- _WHAT YOU WILL DO_
The expected output is every record below, transcribed exactly, with the pictures left out.

===== RECORD EXTRACTS

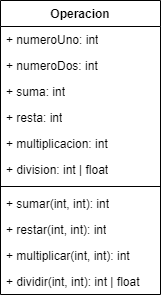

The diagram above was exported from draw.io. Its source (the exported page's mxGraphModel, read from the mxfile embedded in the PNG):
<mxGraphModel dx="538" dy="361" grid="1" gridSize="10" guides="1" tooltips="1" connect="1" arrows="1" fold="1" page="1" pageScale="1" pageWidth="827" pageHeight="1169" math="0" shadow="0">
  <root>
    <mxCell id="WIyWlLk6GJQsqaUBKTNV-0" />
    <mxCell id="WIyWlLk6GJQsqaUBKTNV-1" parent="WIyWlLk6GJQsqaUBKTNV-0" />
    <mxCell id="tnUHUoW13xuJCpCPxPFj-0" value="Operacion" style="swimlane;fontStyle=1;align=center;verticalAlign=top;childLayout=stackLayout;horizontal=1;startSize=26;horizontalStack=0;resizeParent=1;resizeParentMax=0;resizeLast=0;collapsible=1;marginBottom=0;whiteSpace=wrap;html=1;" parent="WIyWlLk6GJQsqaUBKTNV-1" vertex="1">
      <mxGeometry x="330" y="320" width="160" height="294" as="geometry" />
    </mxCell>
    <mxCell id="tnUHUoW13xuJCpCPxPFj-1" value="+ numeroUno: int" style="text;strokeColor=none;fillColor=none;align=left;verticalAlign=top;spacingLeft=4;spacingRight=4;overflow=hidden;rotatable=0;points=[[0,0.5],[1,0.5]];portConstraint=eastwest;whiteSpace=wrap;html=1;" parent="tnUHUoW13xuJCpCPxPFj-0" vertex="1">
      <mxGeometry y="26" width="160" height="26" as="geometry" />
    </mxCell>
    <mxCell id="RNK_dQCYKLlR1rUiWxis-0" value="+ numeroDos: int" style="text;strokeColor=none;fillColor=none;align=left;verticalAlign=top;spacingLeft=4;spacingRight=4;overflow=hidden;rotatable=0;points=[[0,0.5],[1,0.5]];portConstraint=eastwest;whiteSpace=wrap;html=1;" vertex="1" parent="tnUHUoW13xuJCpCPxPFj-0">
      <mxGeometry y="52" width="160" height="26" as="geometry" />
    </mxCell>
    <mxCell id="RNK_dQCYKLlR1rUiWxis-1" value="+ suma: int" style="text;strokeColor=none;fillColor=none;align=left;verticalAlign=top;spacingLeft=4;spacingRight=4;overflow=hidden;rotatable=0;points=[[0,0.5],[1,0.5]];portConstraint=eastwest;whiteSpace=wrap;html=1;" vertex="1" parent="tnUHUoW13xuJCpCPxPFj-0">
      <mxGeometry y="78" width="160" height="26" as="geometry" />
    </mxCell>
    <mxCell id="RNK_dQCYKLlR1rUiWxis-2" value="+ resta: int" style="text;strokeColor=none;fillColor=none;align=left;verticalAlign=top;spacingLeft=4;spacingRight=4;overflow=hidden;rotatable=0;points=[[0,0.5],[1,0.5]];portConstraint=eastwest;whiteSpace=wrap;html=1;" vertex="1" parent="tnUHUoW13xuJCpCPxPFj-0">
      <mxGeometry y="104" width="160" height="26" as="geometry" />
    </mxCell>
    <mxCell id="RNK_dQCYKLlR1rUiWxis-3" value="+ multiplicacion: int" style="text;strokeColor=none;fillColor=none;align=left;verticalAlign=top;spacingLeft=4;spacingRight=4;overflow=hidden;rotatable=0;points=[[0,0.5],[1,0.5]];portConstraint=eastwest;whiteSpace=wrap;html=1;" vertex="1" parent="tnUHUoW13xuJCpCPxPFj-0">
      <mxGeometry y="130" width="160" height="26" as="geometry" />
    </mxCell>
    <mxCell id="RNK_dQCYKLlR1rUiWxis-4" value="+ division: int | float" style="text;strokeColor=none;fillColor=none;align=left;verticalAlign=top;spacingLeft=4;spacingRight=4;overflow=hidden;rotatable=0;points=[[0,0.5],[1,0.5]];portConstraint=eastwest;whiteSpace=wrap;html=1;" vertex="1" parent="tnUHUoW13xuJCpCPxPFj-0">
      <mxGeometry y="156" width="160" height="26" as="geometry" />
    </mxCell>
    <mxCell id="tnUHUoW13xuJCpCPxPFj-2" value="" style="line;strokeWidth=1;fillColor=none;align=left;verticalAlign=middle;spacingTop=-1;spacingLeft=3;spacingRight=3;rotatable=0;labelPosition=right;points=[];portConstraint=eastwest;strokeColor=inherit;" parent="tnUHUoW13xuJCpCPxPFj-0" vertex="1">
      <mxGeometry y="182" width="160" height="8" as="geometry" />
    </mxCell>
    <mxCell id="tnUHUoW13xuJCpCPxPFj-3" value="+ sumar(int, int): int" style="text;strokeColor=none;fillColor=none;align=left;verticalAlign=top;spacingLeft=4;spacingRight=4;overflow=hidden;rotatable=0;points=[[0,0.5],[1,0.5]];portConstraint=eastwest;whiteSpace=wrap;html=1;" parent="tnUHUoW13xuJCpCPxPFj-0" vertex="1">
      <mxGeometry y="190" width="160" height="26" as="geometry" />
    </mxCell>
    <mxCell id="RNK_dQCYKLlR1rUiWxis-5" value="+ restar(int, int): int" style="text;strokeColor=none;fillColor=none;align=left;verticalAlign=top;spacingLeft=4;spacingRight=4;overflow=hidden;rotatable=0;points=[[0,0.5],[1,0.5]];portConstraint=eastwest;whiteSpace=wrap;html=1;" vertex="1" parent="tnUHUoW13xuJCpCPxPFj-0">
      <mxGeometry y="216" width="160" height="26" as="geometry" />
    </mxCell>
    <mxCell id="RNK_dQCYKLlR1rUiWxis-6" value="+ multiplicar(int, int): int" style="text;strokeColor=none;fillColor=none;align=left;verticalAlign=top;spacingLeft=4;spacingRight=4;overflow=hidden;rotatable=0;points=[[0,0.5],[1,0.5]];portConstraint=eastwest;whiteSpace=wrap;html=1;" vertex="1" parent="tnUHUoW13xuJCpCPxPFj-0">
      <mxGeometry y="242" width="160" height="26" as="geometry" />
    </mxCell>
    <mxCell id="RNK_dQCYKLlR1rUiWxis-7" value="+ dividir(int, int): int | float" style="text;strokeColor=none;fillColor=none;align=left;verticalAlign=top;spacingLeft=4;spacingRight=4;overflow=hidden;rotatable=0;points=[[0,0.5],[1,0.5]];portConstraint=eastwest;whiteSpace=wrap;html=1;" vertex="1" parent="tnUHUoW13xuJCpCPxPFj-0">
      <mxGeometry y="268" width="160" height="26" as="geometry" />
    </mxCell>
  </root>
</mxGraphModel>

==========

- _WRITTEN ANSWER_
The diagram above was exported from draw.io. Its source (the exported page's mxGraphModel, read from the mxfile embedded in the PNG):
<mxGraphModel dx="538" dy="361" grid="1" gridSize="10" guides="1" tooltips="1" connect="1" arrows="1" fold="1" page="1" pageScale="1" pageWidth="827" pageHeight="1169" math="0" shadow="0">
  <root>
    <mxCell id="WIyWlLk6GJQsqaUBKTNV-0" />
    <mxCell id="WIyWlLk6GJQsqaUBKTNV-1" parent="WIyWlLk6GJQsqaUBKTNV-0" />
    <mxCell id="tnUHUoW13xuJCpCPxPFj-0" value="Operacion" style="swimlane;fontStyle=1;align=center;verticalAlign=top;childLayout=stackLayout;horizontal=1;startSize=26;horizontalStack=0;resizeParent=1;resizeParentMax=0;resizeLast=0;collapsible=1;marginBottom=0;whiteSpace=wrap;html=1;" parent="WIyWlLk6GJQsqaUBKTNV-1" vertex="1">
      <mxGeometry x="330" y="320" width="160" height="294" as="geometry" />
    </mxCell>
    <mxCell id="tnUHUoW13xuJCpCPxPFj-1" value="+ numeroUno: int" style="text;strokeColor=none;fillColor=none;align=left;verticalAlign=top;spacingLeft=4;spacingRight=4;overflow=hidden;rotatable=0;points=[[0,0.5],[1,0.5]];portConstraint=eastwest;whiteSpace=wrap;html=1;" parent="tnUHUoW13xuJCpCPxPFj-0" vertex="1">
      <mxGeometry y="26" width="160" height="26" as="geometry" />
    </mxCell>
    <mxCell id="RNK_dQCYKLlR1rUiWxis-0" value="+ numeroDos: int" style="text;strokeColor=none;fillColor=none;align=left;verticalAlign=top;spacingLeft=4;spacingRight=4;overflow=hidden;rotatable=0;points=[[0,0.5],[1,0.5]];portConstraint=eastwest;whiteSpace=wrap;html=1;" vertex="1" parent="tnUHUoW13xuJCpCPxPFj-0">
      <mxGeometry y="52" width="160" height="26" as="geometry" />
    </mxCell>
    <mxCell id="RNK_dQCYKLlR1rUiWxis-1" value="+ suma: int" style="text;strokeColor=none;fillColor=none;align=left;verticalAlign=top;spacingLeft=4;spacingRight=4;overflow=hidden;rotatable=0;points=[[0,0.5],[1,0.5]];portConstraint=eastwest;whiteSpace=wrap;html=1;" vertex="1" parent="tnUHUoW13xuJCpCPxPFj-0">
      <mxGeometry y="78" width="160" height="26" as="geometry" />
    </mxCell>
    <mxCell id="RNK_dQCYKLlR1rUiWxis-2" value="+ resta: int" style="text;strokeColor=none;fillColor=none;align=left;verticalAlign=top;spacingLeft=4;spacingRight=4;overflow=hidden;rotatable=0;points=[[0,0.5],[1,0.5]];portConstraint=eastwest;whiteSpace=wrap;html=1;" vertex="1" parent="tnUHUoW13xuJCpCPxPFj-0">
      <mxGeometry y="104" width="160" height="26" as="geometry" />
    </mxCell>
    <mxCell id="RNK_dQCYKLlR1rUiWxis-3" value="+ multiplicacion: int" style="text;strokeColor=none;fillColor=none;align=left;verticalAlign=top;spacingLeft=4;spacingRight=4;overflow=hidden;rotatable=0;points=[[0,0.5],[1,0.5]];portConstraint=eastwest;whiteSpace=wrap;html=1;" vertex="1" parent="tnUHUoW13xuJCpCPxPFj-0">
      <mxGeometry y="130" width="160" height="26" as="geometry" />
    </mxCell>
    <mxCell id="RNK_dQCYKLlR1rUiWxis-4" value="+ division: int | float" style="text;strokeColor=none;fillColor=none;align=left;verticalAlign=top;spacingLeft=4;spacingRight=4;overflow=hidden;rotatable=0;points=[[0,0.5],[1,0.5]];portConstraint=eastwest;whiteSpace=wrap;html=1;" vertex="1" parent="tnUHUoW13xuJCpCPxPFj-0">
      <mxGeometry y="156" width="160" height="26" as="geometry" />
    </mxCell>
    <mxCell id="tnUHUoW13xuJCpCPxPFj-2" value="" style="line;strokeWidth=1;fillColor=none;align=left;verticalAlign=middle;spacingTop=-1;spacingLeft=3;spacingRight=3;rotatable=0;labelPosition=right;points=[];portConstraint=eastwest;strokeColor=inherit;" parent="tnUHUoW13xuJCpCPxPFj-0" vertex="1">
      <mxGeometry y="182" width="160" height="8" as="geometry" />
    </mxCell>
    <mxCell id="tnUHUoW13xuJCpCPxPFj-3" value="+ sumar(int, int): int" style="text;strokeColor=none;fillColor=none;align=left;verticalAlign=top;spacingLeft=4;spacingRight=4;overflow=hidden;rotatable=0;points=[[0,0.5],[1,0.5]];portConstraint=eastwest;whiteSpace=wrap;html=1;" parent="tnUHUoW13xuJCpCPxPFj-0" vertex="1">
      <mxGeometry y="190" width="160" height="26" as="geometry" />
    </mxCell>
    <mxCell id="RNK_dQCYKLlR1rUiWxis-5" value="+ restar(int, int): int" style="text;strokeColor=none;fillColor=none;align=left;verticalAlign=top;spacingLeft=4;spacingRight=4;overflow=hidden;rotatable=0;points=[[0,0.5],[1,0.5]];portConstraint=eastwest;whiteSpace=wrap;html=1;" vertex="1" parent="tnUHUoW13xuJCpCPxPFj-0">
      <mxGeometry y="216" width="160" height="26" as="geometry" />
    </mxCell>
    <mxCell id="RNK_dQCYKLlR1rUiWxis-6" value="+ multiplicar(int, int): int" style="text;strokeColor=none;fillColor=none;align=left;verticalAlign=top;spacingLeft=4;spacingRight=4;overflow=hidden;rotatable=0;points=[[0,0.5],[1,0.5]];portConstraint=eastwest;whiteSpace=wrap;html=1;" vertex="1" parent="tnUHUoW13xuJCpCPxPFj-0">
      <mxGeometry y="242" width="160" height="26" as="geometry" />
    </mxCell>
    <mxCell id="RNK_dQCYKLlR1rUiWxis-7" value="+ dividir(int, int): int | float" style="text;strokeColor=none;fillColor=none;align=left;verticalAlign=top;spacingLeft=4;spacingRight=4;overflow=hidden;rotatable=0;points=[[0,0.5],[1,0.5]];portConstraint=eastwest;whiteSpace=wrap;html=1;" vertex="1" parent="tnUHUoW13xuJCpCPxPFj-0">
      <mxGeometry y="268" width="160" height="26" as="geometry" />
    </mxCell>
  </root>
</mxGraphModel>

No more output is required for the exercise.